Do all that in the leaf node which will be able to serve most use
cases with single leaf node anyway, so you really don't lose anything.

> Even for 1 million ids - that's 128 kilobytes for all the leaf nodes,
> which means all the interior nodes take up 2 kilobytes - which again is
> contiguous so we can prefetch far in advance as we walk down the tree.

So, that's ~30k IDs per page, right?  Let the internal node have 64
fan out, then you'll only have single depth tree for 1mil.  Again,
you're not losing much, if anything, while gaining more predictable
behavior and flexibility.

> Also, idr_find() was slower than radix_tree_lookup() before, as tested
> for some aio patches - decoupling the id allocation from the radix tree
> gives the id allocator more freedom in its data structures (couldn't
> realloc before without breaking RCU lookup).

Yeah, sure.  I don't have any problem implementing idr in terms of
ida.  I do have problems with ida being one contiguous array.

> Besides all that, the ida/idr reimplementations deleted > 300 lines of
> code from idr.[ch]. If you try to add caching to the existing ida code,
> it's only going to get more complicated - and trying to maintain the
> behaviour where we always allocate the smallest available id is going to
> be fun there (the cache has to be kept in sorted order every time you
> free an id).

It's like recursive code.  It looks more elegant and looks okay for
most cases but breaks in corner cases and we end up converting it to
iterative code anyway.  Similar thing.  Long contiguous arrays just
don't work.  We're very likely to break it up eventually anyway.
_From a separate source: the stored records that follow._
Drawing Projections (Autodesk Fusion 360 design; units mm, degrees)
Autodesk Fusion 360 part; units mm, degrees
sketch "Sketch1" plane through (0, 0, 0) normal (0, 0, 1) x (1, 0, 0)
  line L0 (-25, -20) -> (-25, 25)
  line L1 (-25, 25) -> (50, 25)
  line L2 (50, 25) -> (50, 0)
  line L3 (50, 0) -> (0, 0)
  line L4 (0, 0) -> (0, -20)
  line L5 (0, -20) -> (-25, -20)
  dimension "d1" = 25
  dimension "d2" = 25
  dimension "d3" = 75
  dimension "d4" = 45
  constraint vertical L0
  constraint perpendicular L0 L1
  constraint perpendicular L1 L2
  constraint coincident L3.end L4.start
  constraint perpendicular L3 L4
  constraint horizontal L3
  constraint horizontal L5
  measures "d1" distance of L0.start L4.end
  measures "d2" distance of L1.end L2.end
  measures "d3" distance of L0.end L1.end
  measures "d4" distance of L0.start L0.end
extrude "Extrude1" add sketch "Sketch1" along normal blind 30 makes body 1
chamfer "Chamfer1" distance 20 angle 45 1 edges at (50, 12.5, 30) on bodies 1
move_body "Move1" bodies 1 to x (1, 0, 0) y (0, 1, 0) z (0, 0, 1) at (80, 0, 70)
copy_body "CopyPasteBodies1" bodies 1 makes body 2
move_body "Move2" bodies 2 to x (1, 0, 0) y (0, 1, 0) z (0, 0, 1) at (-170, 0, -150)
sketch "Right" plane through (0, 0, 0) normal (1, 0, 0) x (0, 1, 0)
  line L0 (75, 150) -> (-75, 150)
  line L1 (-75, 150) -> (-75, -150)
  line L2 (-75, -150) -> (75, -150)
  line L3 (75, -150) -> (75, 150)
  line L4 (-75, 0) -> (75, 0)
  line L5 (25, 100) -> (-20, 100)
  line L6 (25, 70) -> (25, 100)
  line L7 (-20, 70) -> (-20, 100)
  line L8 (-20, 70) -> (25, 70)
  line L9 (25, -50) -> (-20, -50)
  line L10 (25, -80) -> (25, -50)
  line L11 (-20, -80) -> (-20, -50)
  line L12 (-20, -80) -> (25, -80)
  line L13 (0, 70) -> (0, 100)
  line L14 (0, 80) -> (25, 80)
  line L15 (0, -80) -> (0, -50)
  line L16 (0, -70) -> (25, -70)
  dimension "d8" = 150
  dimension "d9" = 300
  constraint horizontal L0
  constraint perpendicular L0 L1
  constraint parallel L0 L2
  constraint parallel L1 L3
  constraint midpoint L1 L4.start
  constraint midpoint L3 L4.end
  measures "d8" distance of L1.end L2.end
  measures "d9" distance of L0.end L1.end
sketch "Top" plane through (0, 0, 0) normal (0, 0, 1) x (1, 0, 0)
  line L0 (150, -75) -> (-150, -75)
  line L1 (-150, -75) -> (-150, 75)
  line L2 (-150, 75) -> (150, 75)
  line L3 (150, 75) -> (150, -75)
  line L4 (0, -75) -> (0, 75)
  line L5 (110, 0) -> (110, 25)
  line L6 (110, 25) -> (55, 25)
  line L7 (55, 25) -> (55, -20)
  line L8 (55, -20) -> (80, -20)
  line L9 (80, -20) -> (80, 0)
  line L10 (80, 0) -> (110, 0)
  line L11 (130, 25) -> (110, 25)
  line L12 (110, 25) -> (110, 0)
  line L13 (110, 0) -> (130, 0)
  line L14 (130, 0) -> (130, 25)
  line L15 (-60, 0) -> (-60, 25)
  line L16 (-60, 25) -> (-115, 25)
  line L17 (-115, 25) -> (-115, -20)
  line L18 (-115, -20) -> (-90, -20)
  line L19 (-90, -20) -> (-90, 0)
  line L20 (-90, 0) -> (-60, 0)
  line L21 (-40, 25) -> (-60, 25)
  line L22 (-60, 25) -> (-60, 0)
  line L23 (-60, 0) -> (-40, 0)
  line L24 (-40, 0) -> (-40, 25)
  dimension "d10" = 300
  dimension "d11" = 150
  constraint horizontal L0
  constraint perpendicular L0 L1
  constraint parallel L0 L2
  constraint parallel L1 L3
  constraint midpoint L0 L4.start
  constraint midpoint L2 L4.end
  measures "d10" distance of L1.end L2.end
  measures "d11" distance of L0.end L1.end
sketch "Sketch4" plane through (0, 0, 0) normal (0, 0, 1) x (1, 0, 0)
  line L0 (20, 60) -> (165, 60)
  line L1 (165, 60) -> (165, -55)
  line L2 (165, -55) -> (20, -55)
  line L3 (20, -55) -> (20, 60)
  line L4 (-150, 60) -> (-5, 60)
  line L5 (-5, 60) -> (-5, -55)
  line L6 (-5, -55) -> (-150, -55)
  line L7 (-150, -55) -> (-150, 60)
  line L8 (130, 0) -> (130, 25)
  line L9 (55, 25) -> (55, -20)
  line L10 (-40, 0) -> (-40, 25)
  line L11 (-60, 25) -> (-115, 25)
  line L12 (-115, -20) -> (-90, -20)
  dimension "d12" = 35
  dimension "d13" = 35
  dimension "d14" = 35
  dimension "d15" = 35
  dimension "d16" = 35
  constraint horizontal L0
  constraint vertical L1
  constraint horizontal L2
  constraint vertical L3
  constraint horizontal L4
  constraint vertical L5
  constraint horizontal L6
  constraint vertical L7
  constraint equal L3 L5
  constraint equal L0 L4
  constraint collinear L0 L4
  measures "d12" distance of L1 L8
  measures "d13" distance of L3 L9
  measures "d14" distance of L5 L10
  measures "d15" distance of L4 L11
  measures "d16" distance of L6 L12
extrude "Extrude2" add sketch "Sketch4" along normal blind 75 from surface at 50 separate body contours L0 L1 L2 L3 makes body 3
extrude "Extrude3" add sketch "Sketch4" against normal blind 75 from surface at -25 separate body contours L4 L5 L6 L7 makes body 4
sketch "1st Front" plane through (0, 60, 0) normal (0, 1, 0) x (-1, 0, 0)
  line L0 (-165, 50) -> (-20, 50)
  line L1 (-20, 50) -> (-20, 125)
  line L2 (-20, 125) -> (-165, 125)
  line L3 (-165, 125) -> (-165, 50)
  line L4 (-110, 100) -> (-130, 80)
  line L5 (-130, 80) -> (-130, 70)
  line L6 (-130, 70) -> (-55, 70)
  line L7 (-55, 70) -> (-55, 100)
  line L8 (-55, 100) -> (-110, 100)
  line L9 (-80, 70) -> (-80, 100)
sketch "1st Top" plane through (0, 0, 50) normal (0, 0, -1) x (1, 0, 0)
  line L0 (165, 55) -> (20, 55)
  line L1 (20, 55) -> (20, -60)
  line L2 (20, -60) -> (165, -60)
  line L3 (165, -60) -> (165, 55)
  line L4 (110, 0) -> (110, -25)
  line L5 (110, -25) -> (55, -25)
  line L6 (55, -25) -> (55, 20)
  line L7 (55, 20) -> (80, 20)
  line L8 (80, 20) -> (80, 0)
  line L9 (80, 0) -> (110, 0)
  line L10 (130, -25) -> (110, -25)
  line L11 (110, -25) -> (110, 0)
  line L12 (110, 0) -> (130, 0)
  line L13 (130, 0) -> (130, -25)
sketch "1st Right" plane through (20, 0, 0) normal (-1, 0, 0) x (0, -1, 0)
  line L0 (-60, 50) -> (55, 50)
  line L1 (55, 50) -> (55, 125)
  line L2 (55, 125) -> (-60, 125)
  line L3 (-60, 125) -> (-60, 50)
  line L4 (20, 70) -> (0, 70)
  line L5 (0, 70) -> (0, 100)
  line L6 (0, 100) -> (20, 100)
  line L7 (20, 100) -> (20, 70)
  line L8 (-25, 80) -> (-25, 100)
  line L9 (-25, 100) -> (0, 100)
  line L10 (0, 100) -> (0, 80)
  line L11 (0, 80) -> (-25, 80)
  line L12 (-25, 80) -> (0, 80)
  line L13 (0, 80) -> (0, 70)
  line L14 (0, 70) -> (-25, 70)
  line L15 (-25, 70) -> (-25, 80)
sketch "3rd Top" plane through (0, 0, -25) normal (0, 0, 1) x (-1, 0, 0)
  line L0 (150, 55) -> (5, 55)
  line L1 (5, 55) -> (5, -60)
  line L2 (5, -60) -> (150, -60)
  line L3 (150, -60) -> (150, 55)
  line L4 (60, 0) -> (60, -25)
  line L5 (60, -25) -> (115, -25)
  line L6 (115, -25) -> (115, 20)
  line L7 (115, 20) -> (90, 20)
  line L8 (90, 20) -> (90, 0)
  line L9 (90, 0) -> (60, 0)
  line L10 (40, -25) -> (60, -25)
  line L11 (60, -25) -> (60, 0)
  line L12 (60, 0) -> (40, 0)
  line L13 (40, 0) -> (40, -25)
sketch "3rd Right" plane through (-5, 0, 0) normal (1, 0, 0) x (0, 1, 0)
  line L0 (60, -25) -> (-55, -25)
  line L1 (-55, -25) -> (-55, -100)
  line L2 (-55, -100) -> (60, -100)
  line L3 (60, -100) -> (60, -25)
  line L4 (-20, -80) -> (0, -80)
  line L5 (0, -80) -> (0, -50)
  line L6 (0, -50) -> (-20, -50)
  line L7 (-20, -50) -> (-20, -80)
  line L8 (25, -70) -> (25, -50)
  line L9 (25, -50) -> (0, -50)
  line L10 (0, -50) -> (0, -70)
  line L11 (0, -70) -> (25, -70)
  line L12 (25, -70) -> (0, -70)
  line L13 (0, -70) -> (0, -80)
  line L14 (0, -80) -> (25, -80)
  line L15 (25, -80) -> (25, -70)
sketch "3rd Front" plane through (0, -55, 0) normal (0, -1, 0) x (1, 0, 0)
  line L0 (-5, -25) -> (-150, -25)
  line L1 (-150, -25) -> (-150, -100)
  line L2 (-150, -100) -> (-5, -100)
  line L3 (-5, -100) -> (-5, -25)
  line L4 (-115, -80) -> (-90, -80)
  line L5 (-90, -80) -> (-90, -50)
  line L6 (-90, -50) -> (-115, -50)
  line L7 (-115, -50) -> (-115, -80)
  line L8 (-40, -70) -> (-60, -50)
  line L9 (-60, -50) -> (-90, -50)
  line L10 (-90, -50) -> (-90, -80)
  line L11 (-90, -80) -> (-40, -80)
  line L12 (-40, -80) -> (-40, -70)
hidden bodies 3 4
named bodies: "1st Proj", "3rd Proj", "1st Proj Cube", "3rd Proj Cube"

> (I'm still not going to go with anything resembling a radix tree though
> - instead of having a flat array, I'll have a an array of pointers to
> fixed size array segments once the entire tree exceeds a certain size).

I don't really care how it gets split but firm nack on single
contiguous array.

> > But we allow mixing preloaded and normal allocations and users are
> > allowed to allocate as many IDs they want after preloading.  It should
> > guarantee that the first allocation after preloading follows the
> > stronger allocation flag, and the above approach can't guarantee that.
> 
> None of the existing code nedes that guarantee, though.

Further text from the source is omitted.